- DATA TO PROCESS -

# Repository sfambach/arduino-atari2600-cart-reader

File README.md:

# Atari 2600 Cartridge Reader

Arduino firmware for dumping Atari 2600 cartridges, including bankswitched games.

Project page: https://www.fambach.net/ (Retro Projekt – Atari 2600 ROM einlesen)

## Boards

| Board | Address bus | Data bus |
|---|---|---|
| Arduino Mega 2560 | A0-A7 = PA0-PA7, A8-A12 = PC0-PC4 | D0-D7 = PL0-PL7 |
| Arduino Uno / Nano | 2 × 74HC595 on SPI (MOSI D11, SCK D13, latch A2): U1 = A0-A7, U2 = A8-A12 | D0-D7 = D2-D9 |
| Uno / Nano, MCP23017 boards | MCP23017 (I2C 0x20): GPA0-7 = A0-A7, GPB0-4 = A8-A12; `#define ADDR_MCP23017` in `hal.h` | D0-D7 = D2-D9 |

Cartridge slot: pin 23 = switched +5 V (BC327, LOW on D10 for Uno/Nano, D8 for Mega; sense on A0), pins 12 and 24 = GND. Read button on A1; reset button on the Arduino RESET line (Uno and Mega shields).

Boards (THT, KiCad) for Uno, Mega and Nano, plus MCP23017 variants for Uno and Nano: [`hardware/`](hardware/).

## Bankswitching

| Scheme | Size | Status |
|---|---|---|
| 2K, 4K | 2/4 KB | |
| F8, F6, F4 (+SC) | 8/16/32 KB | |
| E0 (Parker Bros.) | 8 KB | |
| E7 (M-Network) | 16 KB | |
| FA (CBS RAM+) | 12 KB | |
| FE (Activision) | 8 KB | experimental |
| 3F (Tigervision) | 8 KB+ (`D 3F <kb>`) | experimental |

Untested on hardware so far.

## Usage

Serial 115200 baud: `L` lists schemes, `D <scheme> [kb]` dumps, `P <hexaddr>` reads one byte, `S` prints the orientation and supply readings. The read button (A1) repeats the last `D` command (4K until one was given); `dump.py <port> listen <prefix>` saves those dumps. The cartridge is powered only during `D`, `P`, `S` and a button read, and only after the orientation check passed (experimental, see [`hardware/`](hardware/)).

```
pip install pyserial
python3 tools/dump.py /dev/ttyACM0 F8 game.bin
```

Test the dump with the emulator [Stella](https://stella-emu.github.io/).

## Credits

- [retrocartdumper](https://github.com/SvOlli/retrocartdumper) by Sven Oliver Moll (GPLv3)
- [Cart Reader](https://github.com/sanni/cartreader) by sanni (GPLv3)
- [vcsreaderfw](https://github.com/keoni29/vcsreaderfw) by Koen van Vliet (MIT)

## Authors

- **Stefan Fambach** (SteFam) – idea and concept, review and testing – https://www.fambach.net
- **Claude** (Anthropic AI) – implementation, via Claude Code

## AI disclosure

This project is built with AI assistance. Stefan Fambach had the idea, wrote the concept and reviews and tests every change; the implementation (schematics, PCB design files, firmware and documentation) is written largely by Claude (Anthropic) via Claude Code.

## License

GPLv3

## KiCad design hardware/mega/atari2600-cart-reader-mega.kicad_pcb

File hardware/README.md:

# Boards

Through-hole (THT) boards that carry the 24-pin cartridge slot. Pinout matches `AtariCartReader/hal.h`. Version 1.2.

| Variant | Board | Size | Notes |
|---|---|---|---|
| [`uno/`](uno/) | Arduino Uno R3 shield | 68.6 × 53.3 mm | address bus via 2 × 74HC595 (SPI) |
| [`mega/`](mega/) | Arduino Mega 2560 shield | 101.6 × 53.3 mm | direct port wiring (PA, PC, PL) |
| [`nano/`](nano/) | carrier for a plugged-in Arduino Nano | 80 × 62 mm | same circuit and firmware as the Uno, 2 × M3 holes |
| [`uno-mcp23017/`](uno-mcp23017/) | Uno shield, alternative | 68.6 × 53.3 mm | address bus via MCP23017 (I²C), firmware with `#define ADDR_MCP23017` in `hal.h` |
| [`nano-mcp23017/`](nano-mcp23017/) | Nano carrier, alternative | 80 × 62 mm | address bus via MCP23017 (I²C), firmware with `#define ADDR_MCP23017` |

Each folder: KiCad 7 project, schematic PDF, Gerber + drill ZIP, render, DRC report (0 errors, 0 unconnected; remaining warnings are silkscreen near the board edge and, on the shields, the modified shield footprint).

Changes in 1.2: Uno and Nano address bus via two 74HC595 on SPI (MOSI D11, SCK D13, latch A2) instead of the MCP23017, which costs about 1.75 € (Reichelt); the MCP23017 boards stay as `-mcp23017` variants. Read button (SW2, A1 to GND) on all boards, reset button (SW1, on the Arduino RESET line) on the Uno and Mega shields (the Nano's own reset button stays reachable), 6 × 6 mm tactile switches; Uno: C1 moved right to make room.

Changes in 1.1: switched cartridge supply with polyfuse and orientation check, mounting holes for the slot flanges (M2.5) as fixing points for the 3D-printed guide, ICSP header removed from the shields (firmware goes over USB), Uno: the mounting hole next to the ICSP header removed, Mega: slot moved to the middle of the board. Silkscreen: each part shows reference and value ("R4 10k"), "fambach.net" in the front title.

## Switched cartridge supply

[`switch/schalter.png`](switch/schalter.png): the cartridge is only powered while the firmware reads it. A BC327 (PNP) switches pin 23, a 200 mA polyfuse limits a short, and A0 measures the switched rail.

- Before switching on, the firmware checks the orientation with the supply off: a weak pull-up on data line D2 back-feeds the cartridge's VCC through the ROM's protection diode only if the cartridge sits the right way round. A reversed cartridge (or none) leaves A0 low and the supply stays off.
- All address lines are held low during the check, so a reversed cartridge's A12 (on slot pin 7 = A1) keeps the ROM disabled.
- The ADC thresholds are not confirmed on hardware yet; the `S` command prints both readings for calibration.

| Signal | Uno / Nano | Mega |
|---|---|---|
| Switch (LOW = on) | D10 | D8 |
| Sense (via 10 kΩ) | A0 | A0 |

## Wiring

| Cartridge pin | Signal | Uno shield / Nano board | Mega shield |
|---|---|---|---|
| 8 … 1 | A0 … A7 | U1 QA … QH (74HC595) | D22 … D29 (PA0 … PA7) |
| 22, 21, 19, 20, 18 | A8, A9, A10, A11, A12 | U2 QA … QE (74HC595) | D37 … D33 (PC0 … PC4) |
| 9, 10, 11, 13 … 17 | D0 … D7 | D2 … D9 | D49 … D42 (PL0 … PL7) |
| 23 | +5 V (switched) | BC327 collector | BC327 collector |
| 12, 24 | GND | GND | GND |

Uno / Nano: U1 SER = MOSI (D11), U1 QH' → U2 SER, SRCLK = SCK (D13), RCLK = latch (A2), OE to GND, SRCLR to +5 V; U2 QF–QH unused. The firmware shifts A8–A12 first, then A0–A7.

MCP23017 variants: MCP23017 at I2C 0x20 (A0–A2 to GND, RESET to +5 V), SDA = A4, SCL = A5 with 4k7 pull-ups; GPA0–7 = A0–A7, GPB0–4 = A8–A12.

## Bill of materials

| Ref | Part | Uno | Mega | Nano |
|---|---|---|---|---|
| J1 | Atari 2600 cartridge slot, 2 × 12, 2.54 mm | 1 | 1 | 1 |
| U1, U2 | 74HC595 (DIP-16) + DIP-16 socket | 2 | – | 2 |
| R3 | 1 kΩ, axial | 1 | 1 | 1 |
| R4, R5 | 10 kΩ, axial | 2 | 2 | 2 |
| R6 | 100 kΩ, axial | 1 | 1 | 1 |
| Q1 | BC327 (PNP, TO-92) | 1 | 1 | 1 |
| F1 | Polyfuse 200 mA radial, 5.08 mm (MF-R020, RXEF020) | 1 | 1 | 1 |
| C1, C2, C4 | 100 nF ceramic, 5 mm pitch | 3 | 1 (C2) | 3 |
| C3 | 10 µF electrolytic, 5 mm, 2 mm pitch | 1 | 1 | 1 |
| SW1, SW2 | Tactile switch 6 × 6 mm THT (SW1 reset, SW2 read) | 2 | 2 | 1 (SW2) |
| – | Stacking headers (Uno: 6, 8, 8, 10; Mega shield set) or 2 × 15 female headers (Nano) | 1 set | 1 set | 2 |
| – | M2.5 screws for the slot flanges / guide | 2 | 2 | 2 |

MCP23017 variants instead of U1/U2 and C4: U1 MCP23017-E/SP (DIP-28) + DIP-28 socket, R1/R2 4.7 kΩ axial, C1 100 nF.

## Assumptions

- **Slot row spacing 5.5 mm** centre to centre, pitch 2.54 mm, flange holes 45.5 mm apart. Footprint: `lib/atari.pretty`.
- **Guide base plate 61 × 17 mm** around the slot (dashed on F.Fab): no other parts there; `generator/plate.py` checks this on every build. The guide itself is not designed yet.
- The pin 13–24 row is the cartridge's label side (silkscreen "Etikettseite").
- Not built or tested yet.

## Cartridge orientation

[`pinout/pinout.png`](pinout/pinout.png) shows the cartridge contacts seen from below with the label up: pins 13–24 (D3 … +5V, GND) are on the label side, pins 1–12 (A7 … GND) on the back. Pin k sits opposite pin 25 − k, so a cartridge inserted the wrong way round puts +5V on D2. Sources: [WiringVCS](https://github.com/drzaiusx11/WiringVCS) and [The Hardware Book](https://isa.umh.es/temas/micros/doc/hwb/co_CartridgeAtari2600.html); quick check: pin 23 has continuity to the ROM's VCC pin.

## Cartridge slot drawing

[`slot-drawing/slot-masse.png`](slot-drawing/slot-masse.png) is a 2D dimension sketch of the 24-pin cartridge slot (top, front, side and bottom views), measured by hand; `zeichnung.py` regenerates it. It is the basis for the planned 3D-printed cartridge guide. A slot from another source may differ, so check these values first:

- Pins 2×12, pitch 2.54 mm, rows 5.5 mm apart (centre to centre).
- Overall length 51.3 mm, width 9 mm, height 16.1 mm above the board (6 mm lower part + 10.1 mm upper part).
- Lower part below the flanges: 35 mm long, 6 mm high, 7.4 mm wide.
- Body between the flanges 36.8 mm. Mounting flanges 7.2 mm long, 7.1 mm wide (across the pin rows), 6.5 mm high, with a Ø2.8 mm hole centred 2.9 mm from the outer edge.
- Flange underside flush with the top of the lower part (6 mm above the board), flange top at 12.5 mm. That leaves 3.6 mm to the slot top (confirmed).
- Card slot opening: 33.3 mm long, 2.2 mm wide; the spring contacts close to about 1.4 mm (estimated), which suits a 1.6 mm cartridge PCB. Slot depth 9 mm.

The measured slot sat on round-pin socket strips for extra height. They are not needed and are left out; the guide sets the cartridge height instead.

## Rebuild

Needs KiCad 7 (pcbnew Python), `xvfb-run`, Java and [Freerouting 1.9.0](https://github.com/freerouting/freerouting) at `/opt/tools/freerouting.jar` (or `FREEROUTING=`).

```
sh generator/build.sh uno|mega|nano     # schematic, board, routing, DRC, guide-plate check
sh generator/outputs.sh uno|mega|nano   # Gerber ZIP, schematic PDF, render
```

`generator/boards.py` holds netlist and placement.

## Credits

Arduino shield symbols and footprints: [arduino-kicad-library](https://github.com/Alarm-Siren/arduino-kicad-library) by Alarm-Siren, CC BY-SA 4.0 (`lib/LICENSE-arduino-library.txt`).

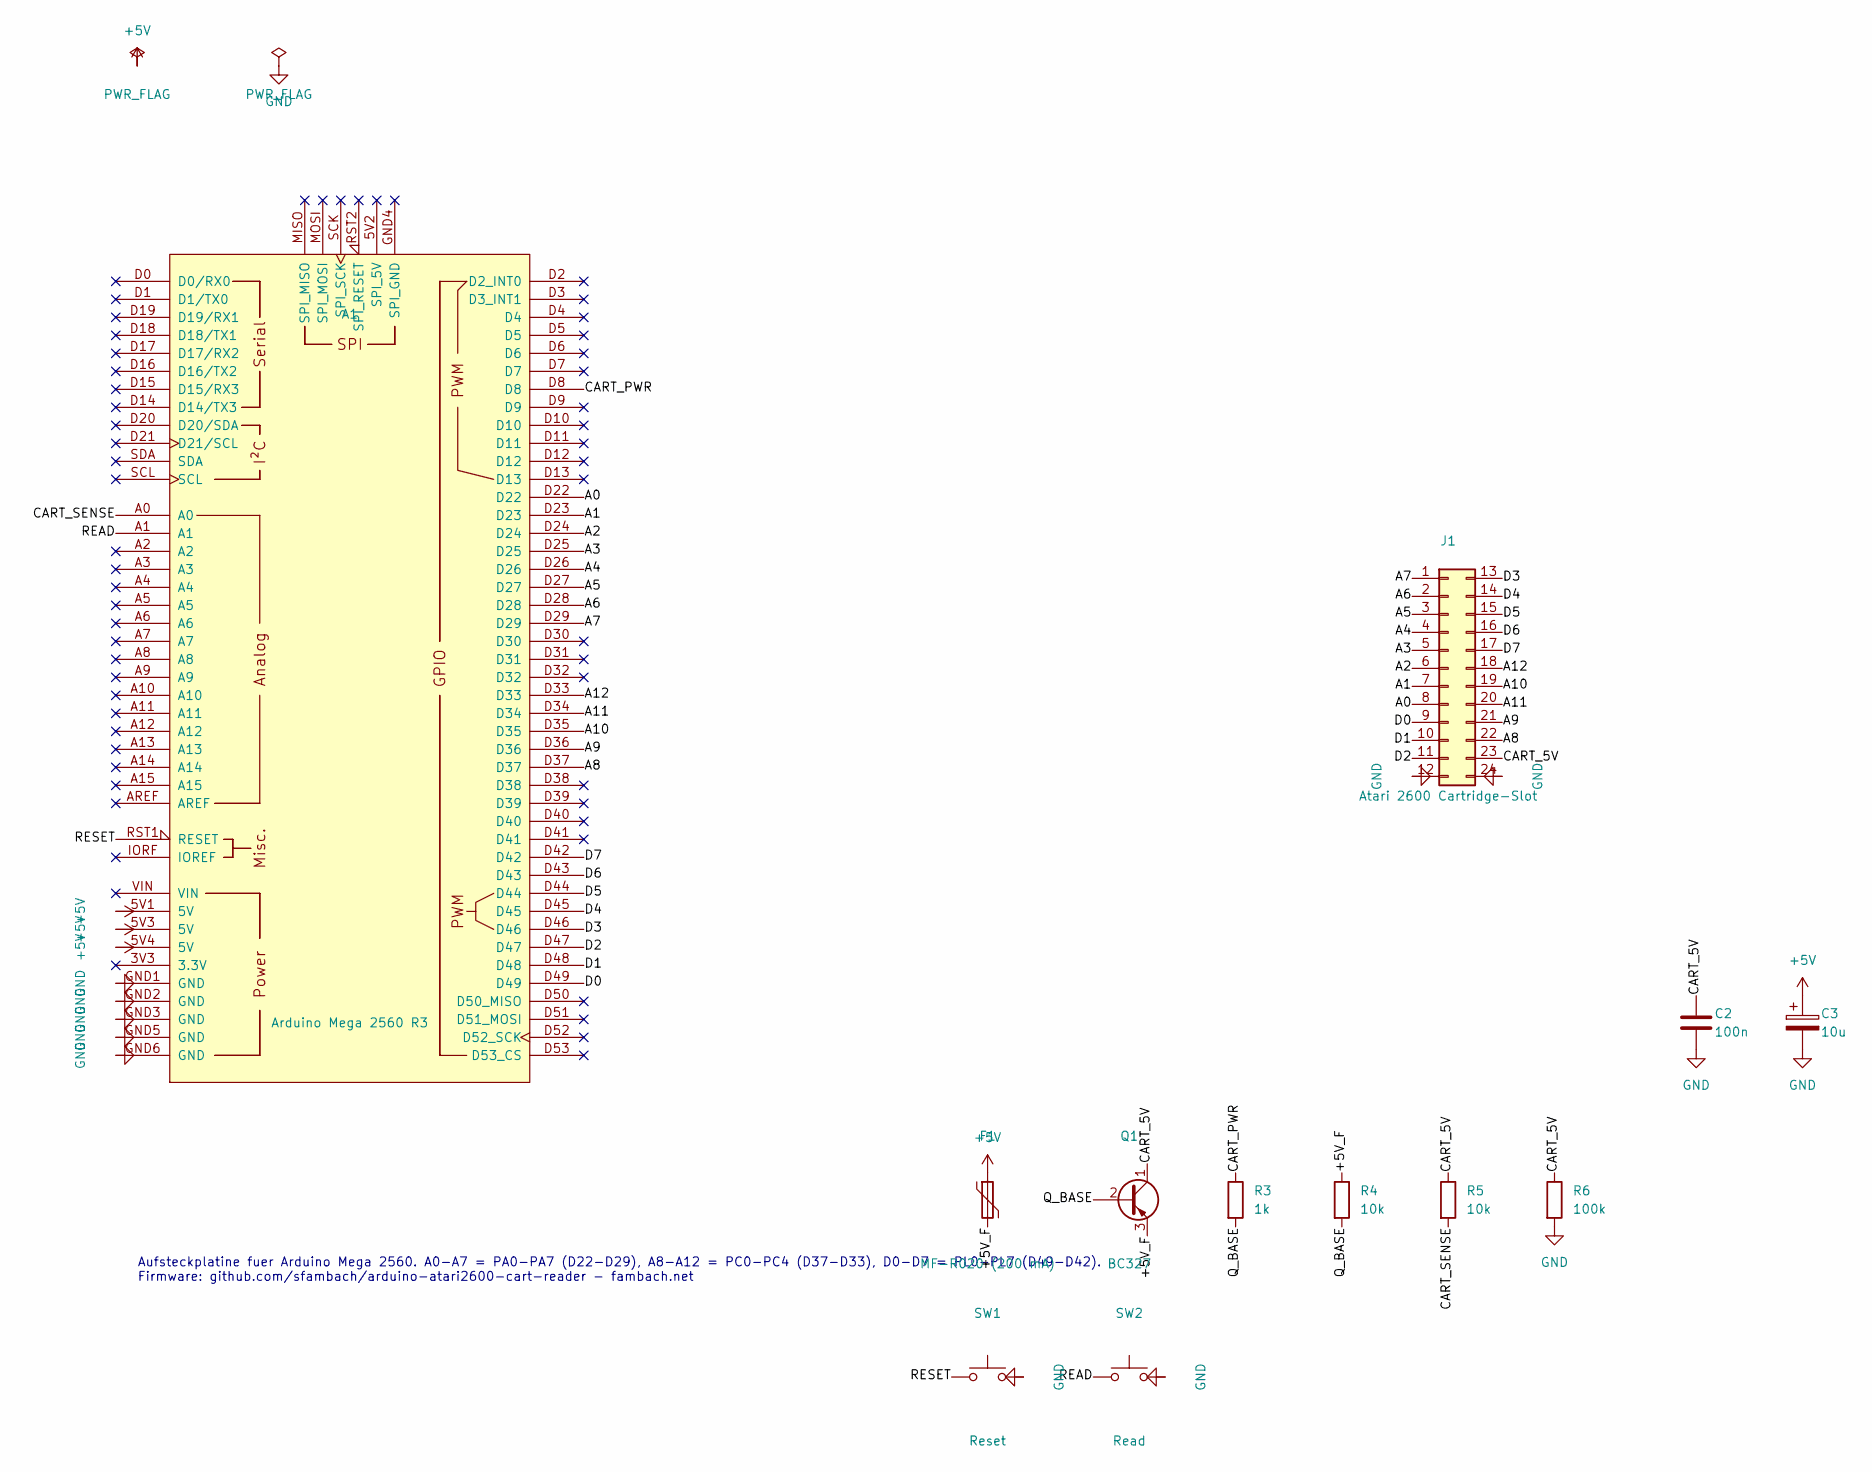
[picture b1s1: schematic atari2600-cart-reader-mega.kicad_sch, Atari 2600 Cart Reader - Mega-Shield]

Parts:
A1: Arduino Mega 2560 R3; Arduino_Mega2560_R3_Shield
C2: 100n; C_Disc_D5.0mm_W2.5mm_P5.00mm
C3: 10u; CP_Radial_D5.0mm_P2.00mm
F1: MF-R020 (200 mA); Fuse_PTC_Radial_P5.08mm
J1: Atari 2600 Cartridge-Slot; Atari2600_Cart_Slot_2x12_P2.54mm_Row5.50mm_Guide
Q1: BC327; TO-92_Inline
R3: 1k; R_Axial_DIN0207_L6.3mm_D2.5mm_P7.62mm_Horizontal
R4, R5: 10k; R_Axial_DIN0207_L6.3mm_D2.5mm_P7.62mm_Horizontal
R6: 100k; R_Axial_DIN0207_L6.3mm_D2.5mm_P7.62mm_Horizontal
SW1: Reset; SW_PUSH_6mm
SW2: Read; SW_PUSH_6mm

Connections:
+5V: A1.5V1 (5V), A1.5V3 (5V), A1.5V4 (5V), C3.1, F1.1
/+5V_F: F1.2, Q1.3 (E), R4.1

- EXERCISE DESCRIPTION -
Find and copy each line of the listing above that holds the word "sits".

- EXERCISE RESPONSE -
- Before switching on, the firmware checks the orientation with the supply off: a weak pull-up on data line D2 back-feeds the cartridge's VCC through the ROM's protection diode only if the cartridge sits the right way round. A reversed cartridge (or none) leaves A0 low and the supply stays off.
[`pinout/pinout.png`](pinout/pinout.png) shows the cartridge contacts seen from below with the label up: pins 13–24 (D3 … +5V, GND) are on the label side, pins 1–12 (A7 … GND) on the back. Pin k sits opposite pin 25 − k, so a cartridge inserted the wrong way round puts +5V on D2. Sources: [WiringVCS](https://github.com/drzaiusx11/WiringVCS) and [The Hardware Book](https://isa.umh.es/temas/micros/doc/hwb/co_CartridgeAtari2600.html); quick check: pin 23 has continuity to the ROM's VCC pin.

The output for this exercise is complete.